With Binary Authorization, you can automatically and digitally check each component of your software supply chain, ensuring the quality and integrity of your software before an application is deployed to your production environment.

Binary Authorization is part of a deployment architecture that includes:

  • Container Registry or another registry that stores the container images you want to deploy
  • GKE, which runs the images in a cluster
  • Container Analysis, which stores trusted metadata used in the authorization process
  • Binary Authorization itself, which allows or blocks deployment of images to GKE based on a policy you configure

Binary Authorization is based on the Kritis specification, which is part of the Grafeas open source project.


GKE allows teams to develop highly decoupled systems - for example, those built on microservices architectures - and encourages the use of short-lifecycle processes around continuous integration (CI) and continuous deployment (CD). In such environments, software often moves from deployment cluster to deployment cluster during staging and tests, making it difficult to ensure that all software is built, tested, released, and deployed according to internal best practices and standards.

Binary Authorization aims to reduce the risk of deploying wrong, faulty, or unauthorized software in this type of environment. Using this service, you can explicitly specify which internal processes must complete before a container image enters each deployment stage and then check to make sure that authorized parties have verified process completion.

Binary Authorization does not prescribe internal processes or best practices around the integrity and quality of your software. Rather, it helps you enforce your own practices by restricting deployment of container images that have not passed your required checks.

Typical use cases

The most common Binary Authorization use cases involve attestations. In these cases, when the container image is built, its unique digest is digitally signed by a signer in order to create an attestation.

At deploy time, the Binary Authorization enforcer uses an attestor to verify the attestation. In this way, only container images with verified attestations are allowed to deploy.
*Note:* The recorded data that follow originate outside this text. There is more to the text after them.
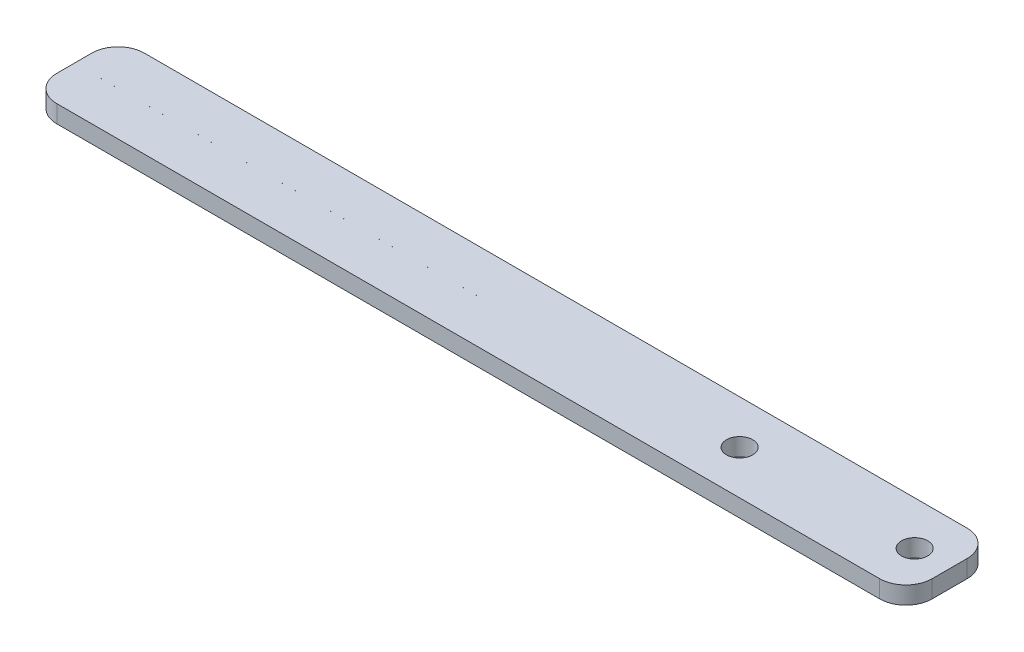
SolidWorks part; units mm, degrees
ref_plane "Front Plane" through (0, 0, 0) normal (0, 0, 1) x (1, 0, 0)
ref_plane "Top Plane" through (0, 0, 0) normal (0, 1, 0) x (1, 0, 0)
ref_plane "Right Plane" through (0, 0, 0) normal (1, 0, 0) x (0, 0, -1)
sketch "Sketch1" plane through (0, 0, 0) normal (0, 1, 0) x (1, 0, 0)
  line L1 (-50, 5) -> (50, 5)
  line L2 (-50, 5) -> (-50, -5)
  line L3 (-50, -5) -> (50, -5)
  line L4 (50, 5) -> (50, -5)
  line L5 (-50, 5) -> (50, -5) construction
  line L6 (-50, -5) -> (50, 5) construction
  point P0 (0, 0)
  dimension "D1" = 10
  dimension "D2" = 100
extrude "Boss-Extrude1" add sketch "Sketch1" along normal blind 2
sketch "Sketch2" plane through (0, 2, 0) normal (0, 1, 0) x (1, 0, 0)
  line L0 (26.3156, 5) -> (26.3156, -5) construction
  line L1 (-50, -5) -> (50, -5) construction
  line L2 (-50, 5) -> (-50, -5) construction
  line L4 (-3, 0.0005) -> (-50, 0.0005)
  line L5 (-3, 0.0005) -> (-3, -0.0005)
  line L6 (-3, -0.0005) -> (-50, -0.0005)
  line L7 (-50, 0.0005) -> (-50, -0.0005)
  line L8 (-3, 0.0005) -> (-50, -0.0005) construction
  line L9 (-3, -0.0005) -> (-50, 0.0005) construction
  point P0 (-26.5, 0)
  point P10 (26.3156, 0)
  point P14 (-50, 0)
  dimension "D1" = 47
  dimension "D2" = 0.001
fillet "Fillet1" radius 3 4 edges at (50, 1, 5) (50, 1, -5) (-50, 1, -5) (-50, 1, 5)
hole_wizard "Ø3.0mm Dowel Hole1" positions "Sketch3" profile "Sketch5" hole size "Ø3.0" standard "ISO" end condition through all
sketch "Sketch3" plane through (0, 2, 0) normal (0, 1, 0) x (1, 0, 0)
  line L0 (50, -2) -> (50, 2) construction
  point P0 (46, 0)
  point P5 (26, 0)
  dimension "D1" = 20
  dimension "D2" = 4
sketch "Sketch5" plane through (46, 2, 0) normal (1, 0, 0) x (0, 0, 1)
  line L0 (0, 0) -> (0, 2)
  line L1 (0, 2) -> (1.5, 2)
  line L2 (1.5, 2) -> (1.5, 0)
  line L5 (1.5, 0) -> (0, 0)
  line L11 (0, -22.0399) -> (0, 107.95) construction
  dimension "Thru Hole Dia." = 3
  dimension "Thru Hole Depth" = 2
extrude "Cut-Extrude1" cut sketch "Sketch2" against normal blind 10

Use cases involving attestations include the following:

  • Build verification, in which Binary Authorization verifies that the container image was built by a specific build system or continuous integration (CI) pipeline.
  • Vulnerability scanning, where the CI-built container image has also been scanned by Container Analysis and identified vulnerabilities were resolved before the CI pipeline itself or an individual created the attestation.
  • Manual check, where a representative, QA for example, manually creates the attestation.

See Getting started with the Console for an end-to-end attestation tutorial.


A deployment lifecycle for container images can consist of the following stages, where the completion of a stage is a prerequisite for progression to the next one:

  • Build and unit testing
  • Deployment into a development environment where users aren't affected
  • Deployment into a QA environment, where only internal users are affected
  • Deployment into a canary environment, where only a fraction of external users are affected
  • Deployment into production

After build and testing, each stage has its own deployment environment, here a GKE cluster, and its own criteria that must be satisfied before an image can move onto the next. Binary Authorization allows you to define the criteria for an image to pass from one stage to another and provides the means for enforcing the criteria.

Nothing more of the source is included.